Many creators have been structurally sidelined by flaws in cultural policy as the biggest ethical issues in the arts and culture sector have once again been pushed forward. But waiting until 2025 until fair practice is an obligation will be too late. Independent creators have been paying de facto co-pays to participate in this sector for years.

Institutions that can present and dream again after the stagnation of the pandemic may show a little more solidarity. Creators and small organizations bring much-needed change and innovation to the sector, but also suffered the most during the pandemic. The top tier of the arts and culture sector may well make some concessions now to help them move forward.
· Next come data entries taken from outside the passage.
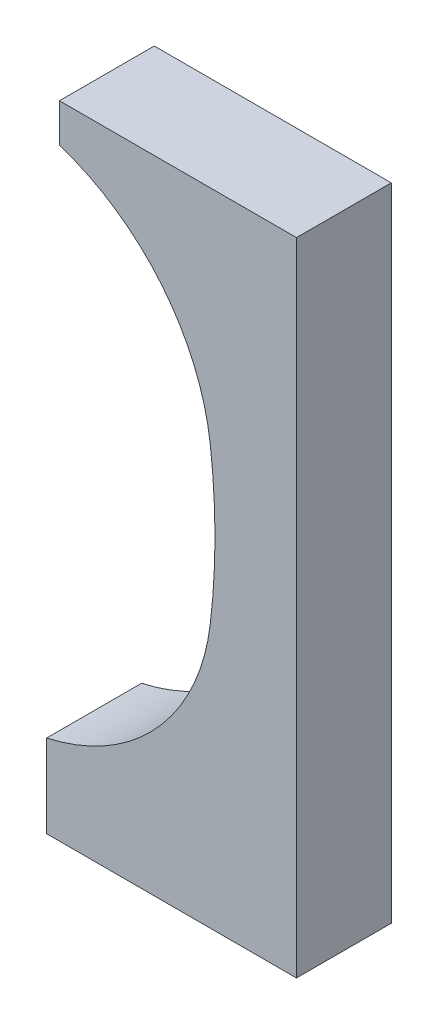
ISO-10303-21;
HEADER;
FILE_DESCRIPTION(('STEP AP214'),'2;1');
FILE_NAME('part.step','',(''),(''),'','','');
FILE_SCHEMA(('AUTOMOTIVE_DESIGN { 1 0 10303 214 1 1 1 1 }'));
ENDSEC;
DATA;
#1=APPLICATION_CONTEXT('core data for automotive mechanical design processes');
#2=APPLICATION_PROTOCOL_DEFINITION('international standard','automotive_design',2000,#1);
#3=PRODUCT_CONTEXT('',#1,'mechanical');
#4=PRODUCT('Part','Part','',(#3));
#5=PRODUCT_RELATED_PRODUCT_CATEGORY('part','',(#4));
#6=PRODUCT_DEFINITION_FORMATION('','',#4);
#7=PRODUCT_DEFINITION_CONTEXT('part definition',#1,'design');
#8=PRODUCT_DEFINITION('design','',#6,#7);
#9=PRODUCT_DEFINITION_SHAPE('','',#8);
#10=(LENGTH_UNIT() NAMED_UNIT(*) SI_UNIT(.MILLI.,.METRE.));
#11=(NAMED_UNIT(*) PLANE_ANGLE_UNIT() SI_UNIT($,.RADIAN.));
#12=(NAMED_UNIT(*) SI_UNIT($,.STERADIAN.) SOLID_ANGLE_UNIT());
#13=UNCERTAINTY_MEASURE_WITH_UNIT(LENGTH_MEASURE(1.E-05),#10,'distance_accuracy_value','');
#14=(GEOMETRIC_REPRESENTATION_CONTEXT(3) GLOBAL_UNCERTAINTY_ASSIGNED_CONTEXT((#13)) GLOBAL_UNIT_ASSIGNED_CONTEXT((#10,
#11,#12)) REPRESENTATION_CONTEXT('',''));
#15=CARTESIAN_POINT('',(0.,0.,0.));
#16=DIRECTION('',(0.,0.,1.));
#17=DIRECTION('',(1.,0.,0.));
#18=AXIS2_PLACEMENT_3D('',#15,#16,#17);
#19=CARTESIAN_POINT('',(-160.202692117469,87.1623802847704,32.));
#20=DIRECTION('',(0.,0.,-1.));
#21=DIRECTION('',(-1.,0.,0.));
#22=AXIS2_PLACEMENT_3D('',#19,#20,#21);
#23=CYLINDRICAL_SURFACE('',#22,217.);
#24=CARTESIAN_POINT('',(-160.202692117469,87.1623802847704,0.));
#25=DIRECTION('',(0.,0.,-1.));
#26=DIRECTION('',(1.,0.,0.));
#27=AXIS2_PLACEMENT_3D('',#24,#25,#26);
#28=CIRCLE('',#27,217.);
#29=CARTESIAN_POINT('',(55.1731421815533,113.66238028477,0.));
#30=VERTEX_POINT('',#29);
#31=CARTESIAN_POINT('',(55.1731421815533,60.6623802847704,0.));
#32=VERTEX_POINT('',#31);
#33=EDGE_CURVE('E143',#30,#32,#28,.T.);
#34=ORIENTED_EDGE('',*,*,#33,.T.);
#35=DIRECTION('',(0.,0.,-1.));
#36=VECTOR('',#35,1.);
#37=CARTESIAN_POINT('',(55.1731421815533,60.6623802847704,32.));
#38=LINE('',#37,#36);
#39=CARTESIAN_POINT('',(55.1731421815533,60.6623802847704,32.));
#40=VERTEX_POINT('',#39);
#41=EDGE_CURVE('E11',#40,#32,#38,.T.);
#42=ORIENTED_EDGE('',*,*,#41,.F.);
#43=CARTESIAN_POINT('',(-160.202692117469,87.1623802847704,32.));
#44=DIRECTION('',(0.,0.,-1.));
#45=DIRECTION('',(1.,0.,0.));
#46=AXIS2_PLACEMENT_3D('',#43,#44,#45);
#47=CIRCLE('',#46,217.);
#48=CARTESIAN_POINT('',(55.1731421815533,113.66238028477,32.));
#49=VERTEX_POINT('',#48);
#50=EDGE_CURVE('E166',#49,#40,#47,.T.);
#51=ORIENTED_EDGE('',*,*,#50,.F.);
#52=DIRECTION('',(0.,0.,-1.));
#53=VECTOR('',#52,1.);
#54=CARTESIAN_POINT('',(55.1731421815533,113.66238028477,32.));
#55=LINE('',#54,#53);
#56=EDGE_CURVE('E139',#49,#30,#55,.T.);
#57=ORIENTED_EDGE('',*,*,#56,.T.);
#58=EDGE_LOOP('',(#34,#42,#51,#57));
#59=FACE_BOUND('',#58,.T.);
#60=ADVANCED_FACE('F42',(#59),#23,.F.);
#61=CARTESIAN_POINT('',(-15.2954487642098,69.3328871972128,32.));
#62=DIRECTION('',(0.,0.,-1.));
#63=DIRECTION('',(-1.,0.,0.));
#64=AXIS2_PLACEMENT_3D('',#61,#62,#63);
#65=CYLINDRICAL_SURFACE('',#64,71.);
#66=CARTESIAN_POINT('',(-15.2954487642098,69.3328871972128,0.));
#67=DIRECTION('',(0.,0.,-1.));
#68=DIRECTION('',(1.,0.,0.));
#69=AXIS2_PLACEMENT_3D('',#66,#67,#68);
#70=CIRCLE('',#69,71.);
#71=CARTESIAN_POINT('',(0.,0.,0.));
#72=VERTEX_POINT('',#71);
#73=EDGE_CURVE('E147',#32,#72,#70,.T.);
#74=ORIENTED_EDGE('',*,*,#73,.T.);
#75=DIRECTION('',(0.,0.,-1.));
#76=VECTOR('',#75,1.);
#77=CARTESIAN_POINT('',(0.,0.,32.));
#78=LINE('',#77,#76);
#79=CARTESIAN_POINT('',(0.,0.,32.));
#80=VERTEX_POINT('',#79);
#81=EDGE_CURVE('E51',#80,#72,#78,.T.);
#82=ORIENTED_EDGE('',*,*,#81,.F.);
#83=CARTESIAN_POINT('',(-15.2954487642098,69.3328871972128,32.));
#84=DIRECTION('',(0.,0.,-1.));
#85=DIRECTION('',(1.,0.,0.));
#86=AXIS2_PLACEMENT_3D('',#83,#84,#85);
#87=CIRCLE('',#86,71.);
#88=EDGE_CURVE('E102',#40,#80,#87,.T.);
#89=ORIENTED_EDGE('',*,*,#88,.F.);
#90=ORIENTED_EDGE('',*,*,#41,.T.);
#91=EDGE_LOOP('',(#74,#82,#89,#90));
#92=FACE_BOUND('',#91,.T.);
#93=ADVANCED_FACE('F211',(#92),#65,.F.);
#94=CARTESIAN_POINT('',(0.,0.,32.));
#95=DIRECTION('',(1.,0.,0.));
#96=DIRECTION('',(0.,0.,-1.));
#97=AXIS2_PLACEMENT_3D('',#94,#95,#96);
#98=PLANE('',#97);
#99=DIRECTION('',(0.,-1.,0.));
#100=VECTOR('',#99,1.);
#101=CARTESIAN_POINT('',(0.,0.,0.));
#102=LINE('',#101,#100);
#103=CARTESIAN_POINT('',(0.,-28.,0.));
#104=VERTEX_POINT('',#103);
#105=EDGE_CURVE('E150',#72,#104,#102,.T.);
#106=ORIENTED_EDGE('',*,*,#105,.T.);
#107=DIRECTION('',(0.,0.,-1.));
#108=VECTOR('',#107,1.);
#109=CARTESIAN_POINT('',(0.,-28.,32.));
#110=LINE('',#109,#108);
#111=CARTESIAN_POINT('',(0.,-28.,32.));
#112=VERTEX_POINT('',#111);
#113=EDGE_CURVE('E177',#112,#104,#110,.T.);
#114=ORIENTED_EDGE('',*,*,#113,.F.);
#115=DIRECTION('',(0.,-1.,0.));
#116=VECTOR('',#115,1.);
#117=CARTESIAN_POINT('',(0.,0.,32.));
#118=LINE('',#117,#116);
#119=EDGE_CURVE('E187',#80,#112,#118,.T.);
#120=ORIENTED_EDGE('',*,*,#119,.F.);
#121=ORIENTED_EDGE('',*,*,#81,.T.);
#122=EDGE_LOOP('',(#106,#114,#120,#121));
#123=FACE_BOUND('',#122,.T.);
#124=ADVANCED_FACE('F185',(#123),#98,.F.);
#125=CARTESIAN_POINT('',(84.2996185309478,-28.,32.));
#126=DIRECTION('',(0.,1.,0.));
#127=DIRECTION('',(0.,0.,1.));
#128=AXIS2_PLACEMENT_3D('',#125,#126,#127);
#129=PLANE('',#128);
#130=DIRECTION('',(1.,0.,0.));
#131=VECTOR('',#130,1.);
#132=CARTESIAN_POINT('',(84.2996185309478,-28.,0.));
#133=LINE('',#132,#131);
#134=CARTESIAN_POINT('',(84.2996185309478,-28.,0.));
#135=VERTEX_POINT('',#134);
#136=EDGE_CURVE('E153',#104,#135,#133,.T.);
#137=ORIENTED_EDGE('',*,*,#136,.T.);
#138=DIRECTION('',(0.,0.,-1.));
#139=VECTOR('',#138,1.);
#140=CARTESIAN_POINT('',(84.2996185309478,-28.,32.));
#141=LINE('',#140,#139);
#142=CARTESIAN_POINT('',(84.2996185309478,-28.,32.));
#143=VERTEX_POINT('',#142);
#144=EDGE_CURVE('E173',#143,#135,#141,.T.);
#145=ORIENTED_EDGE('',*,*,#144,.F.);
#146=DIRECTION('',(1.,0.,0.));
#147=VECTOR('',#146,1.);
#148=CARTESIAN_POINT('',(84.2996185309478,-28.,32.));
#149=LINE('',#148,#147);
#150=EDGE_CURVE('E199',#112,#143,#149,.T.);
#151=ORIENTED_EDGE('',*,*,#150,.F.);
#152=ORIENTED_EDGE('',*,*,#113,.T.);
#153=EDGE_LOOP('',(#137,#145,#151,#152));
#154=FACE_BOUND('',#153,.T.);
#155=ADVANCED_FACE('F194',(#154),#129,.F.);
#156=CARTESIAN_POINT('',(84.2996185309478,175.402841826382,32.));
#157=DIRECTION('',(-1.,0.,0.));
#158=DIRECTION('',(0.,0.,1.));
#159=AXIS2_PLACEMENT_3D('',#156,#157,#158);
#160=PLANE('',#159);
#161=DIRECTION('',(0.,1.,0.));
#162=VECTOR('',#161,1.);
#163=CARTESIAN_POINT('',(84.2996185309478,175.402841826382,0.));
#164=LINE('',#163,#162);
#165=CARTESIAN_POINT('',(84.2996185309478,188.402841826382,0.));
#166=VERTEX_POINT('',#165);
#167=EDGE_CURVE('E157',#135,#166,#164,.T.);
#168=ORIENTED_EDGE('',*,*,#167,.T.);
#169=DIRECTION('',(0.,0.,-1.));
#170=VECTOR('',#169,1.);
#171=CARTESIAN_POINT('',(84.2996185309478,188.402841826382,32.));
#172=LINE('',#171,#170);
#173=CARTESIAN_POINT('',(84.2996185309478,188.402841826382,32.));
#174=VERTEX_POINT('',#173);
#175=EDGE_CURVE('E132',#174,#166,#172,.T.);
#176=ORIENTED_EDGE('',*,*,#175,.F.);
#177=DIRECTION('',(0.,1.,0.));
#178=VECTOR('',#177,1.);
#179=CARTESIAN_POINT('',(84.2996185309478,0.,32.));
#180=LINE('',#179,#178);
#181=EDGE_CURVE('E121',#143,#174,#180,.T.);
#182=ORIENTED_EDGE('',*,*,#181,.F.);
#183=ORIENTED_EDGE('',*,*,#144,.T.);
#184=EDGE_LOOP('',(#168,#176,#182,#183));
#185=FACE_BOUND('',#184,.T.);
#186=ADVANCED_FACE('F197',(#185),#160,.F.);
#187=CARTESIAN_POINT('',(84.2996185309478,188.402841826382,32.));
#188=DIRECTION('',(0.,-1.,0.));
#189=DIRECTION('',(0.,0.,-1.));
#190=AXIS2_PLACEMENT_3D('',#187,#188,#189);
#191=PLANE('',#190);
#192=DIRECTION('',(-1.,0.,0.));
#193=VECTOR('',#192,1.);
#194=CARTESIAN_POINT('',(84.2996185309478,188.402841826382,0.));
#195=LINE('',#194,#193);
#196=CARTESIAN_POINT('',(4.29961853094774,188.402841826382,0.));
#197=VERTEX_POINT('',#196);
#198=EDGE_CURVE('E130',#166,#197,#195,.T.);
#199=ORIENTED_EDGE('',*,*,#198,.T.);
#200=DIRECTION('',(0.,0.,-1.));
#201=VECTOR('',#200,1.);
#202=CARTESIAN_POINT('',(4.29961853094774,188.402841826382,32.));
#203=LINE('',#202,#201);
#204=CARTESIAN_POINT('',(4.29961853094774,188.402841826382,32.));
#205=VERTEX_POINT('',#204);
#206=EDGE_CURVE('E127',#205,#197,#203,.T.);
#207=ORIENTED_EDGE('',*,*,#206,.F.);
#208=DIRECTION('',(-1.,0.,0.));
#209=VECTOR('',#208,1.);
#210=CARTESIAN_POINT('',(84.2996185309478,188.402841826382,32.));
#211=LINE('',#210,#209);
#212=EDGE_CURVE('E115',#174,#205,#211,.T.);
#213=ORIENTED_EDGE('',*,*,#212,.F.);
#214=ORIENTED_EDGE('',*,*,#175,.T.);
#215=EDGE_LOOP('',(#199,#207,#213,#214));
#216=FACE_BOUND('',#215,.T.);
#217=ADVANCED_FACE('F128',(#216),#191,.F.);
#218=CARTESIAN_POINT('',(4.29961853094774,175.402841826382,32.));
#219=DIRECTION('',(1.,0.,0.));
#220=DIRECTION('',(0.,0.,-1.));
#221=AXIS2_PLACEMENT_3D('',#218,#219,#220);
#222=PLANE('',#221);
#223=DIRECTION('',(0.,-1.,0.));
#224=VECTOR('',#223,1.);
#225=CARTESIAN_POINT('',(4.29961853094774,175.402841826382,0.));
#226=LINE('',#225,#224);
#227=CARTESIAN_POINT('',(4.29961853094774,175.402841826382,0.));
#228=VERTEX_POINT('',#227);
#229=EDGE_CURVE('E88',#197,#228,#226,.T.);
#230=ORIENTED_EDGE('',*,*,#229,.T.);
#231=DIRECTION('',(0.,0.,-1.));
#232=VECTOR('',#231,1.);
#233=CARTESIAN_POINT('',(4.29961853094774,175.402841826382,32.));
#234=LINE('',#233,#232);
#235=CARTESIAN_POINT('',(4.29961853094774,175.402841826382,32.));
#236=VERTEX_POINT('',#235);
#237=EDGE_CURVE('E133',#236,#228,#234,.T.);
#238=ORIENTED_EDGE('',*,*,#237,.F.);
#239=DIRECTION('',(0.,-1.,0.));
#240=VECTOR('',#239,1.);
#241=CARTESIAN_POINT('',(4.29961853094774,175.402841826382,32.));
#242=LINE('',#241,#240);
#243=EDGE_CURVE('E119',#205,#236,#242,.T.);
#244=ORIENTED_EDGE('',*,*,#243,.F.);
#245=ORIENTED_EDGE('',*,*,#206,.T.);
#246=EDGE_LOOP('',(#230,#238,#244,#245));
#247=FACE_BOUND('',#246,.T.);
#248=ADVANCED_FACE('F135',(#247),#222,.F.);
#249=CARTESIAN_POINT('',(-18.7692525432263,104.564454017489,32.));
#250=DIRECTION('',(0.,0.,-1.));
#251=DIRECTION('',(-1.,0.,0.));
#252=AXIS2_PLACEMENT_3D('',#249,#250,#251);
#253=CYLINDRICAL_SURFACE('',#252,74.5);
#254=CARTESIAN_POINT('',(-18.7692525432263,104.564454017489,0.));
#255=DIRECTION('',(0.,0.,-1.));
#256=DIRECTION('',(1.,0.,0.));
#257=AXIS2_PLACEMENT_3D('',#254,#255,#256);
#258=CIRCLE('',#257,74.5);
#259=EDGE_CURVE('E94',#228,#30,#258,.T.);
#260=ORIENTED_EDGE('',*,*,#259,.T.);
#261=ORIENTED_EDGE('',*,*,#56,.F.);
#262=CARTESIAN_POINT('',(-18.7692525432263,104.564454017489,32.));
#263=DIRECTION('',(0.,0.,-1.));
#264=DIRECTION('',(1.,0.,0.));
#265=AXIS2_PLACEMENT_3D('',#262,#263,#264);
#266=CIRCLE('',#265,74.5);
#267=EDGE_CURVE('E59',#236,#49,#266,.T.);
#268=ORIENTED_EDGE('',*,*,#267,.F.);
#269=ORIENTED_EDGE('',*,*,#237,.T.);
#270=EDGE_LOOP('',(#260,#261,#268,#269));
#271=FACE_BOUND('',#270,.T.);
#272=ADVANCED_FACE('F227',(#271),#253,.F.);
#273=CARTESIAN_POINT('',(-160.202692117469,87.1623802847704,32.));
#274=DIRECTION('',(0.,0.,1.));
#275=DIRECTION('',(1.,0.,0.));
#276=AXIS2_PLACEMENT_3D('',#273,#274,#275);
#277=PLANE('',#276);
#278=ORIENTED_EDGE('',*,*,#50,.T.);
#279=ORIENTED_EDGE('',*,*,#88,.T.);
#280=ORIENTED_EDGE('',*,*,#119,.T.);
#281=ORIENTED_EDGE('',*,*,#150,.T.);
#282=ORIENTED_EDGE('',*,*,#181,.T.);
#283=ORIENTED_EDGE('',*,*,#212,.T.);
#284=ORIENTED_EDGE('',*,*,#243,.T.);
#285=ORIENTED_EDGE('',*,*,#267,.T.);
#286=EDGE_LOOP('',(#278,#279,#280,#281,#282,#283,#284,#285));
#287=FACE_BOUND('',#286,.T.);
#288=ADVANCED_FACE('F117',(#287),#277,.T.);
#289=CARTESIAN_POINT('',(-160.202692117469,87.1623802847704,0.));
#290=DIRECTION('',(0.,0.,1.));
#291=DIRECTION('',(1.,0.,0.));
#292=AXIS2_PLACEMENT_3D('',#289,#290,#291);
#293=PLANE('',#292);
#294=ORIENTED_EDGE('',*,*,#33,.F.);
#295=ORIENTED_EDGE('',*,*,#259,.F.);
#296=ORIENTED_EDGE('',*,*,#229,.F.);
#297=ORIENTED_EDGE('',*,*,#198,.F.);
#298=ORIENTED_EDGE('',*,*,#167,.F.);
#299=ORIENTED_EDGE('',*,*,#136,.F.);
#300=ORIENTED_EDGE('',*,*,#105,.F.);
#301=ORIENTED_EDGE('',*,*,#73,.F.);
#302=EDGE_LOOP('',(#294,#295,#296,#297,#298,#299,#300,#301));
#303=FACE_BOUND('',#302,.T.);
#304=ADVANCED_FACE('F191',(#303),#293,.F.);
#305=CLOSED_SHELL('',(#60,#93,#124,#155,#186,#217,#248,#272,#288,#304));
#306=MANIFOLD_SOLID_BREP('B2',#305);
#307=ADVANCED_BREP_SHAPE_REPRESENTATION('',(#18,#306),#14);
#308=SHAPE_DEFINITION_REPRESENTATION(#9,#307);
ENDSEC;
END-ISO-10303-21;

I hope there will be a better, practical and fair structure, where fair practice and diversity and inclusion will be decisive in distributing cultural funding, and we will no longer lose talent to the frayed edges of the sector. Because my peers and I are tired. We are slowly burning out, continuing to make art and seeing the good in traditional institutions - which are doing everything they can to avoid losing their own acquired positions and grants.

Policy makers, don't let this come at the expense of talent.

22.02.2023 - Rajae El Mouhandiz is an interdisciplinary performing artist, doer and thinker. www.rajae.net & founder of creative-impact platform ellae.nl, whose mission is to close the gender, socioeconomic and cultural divide in the arts and culture sector.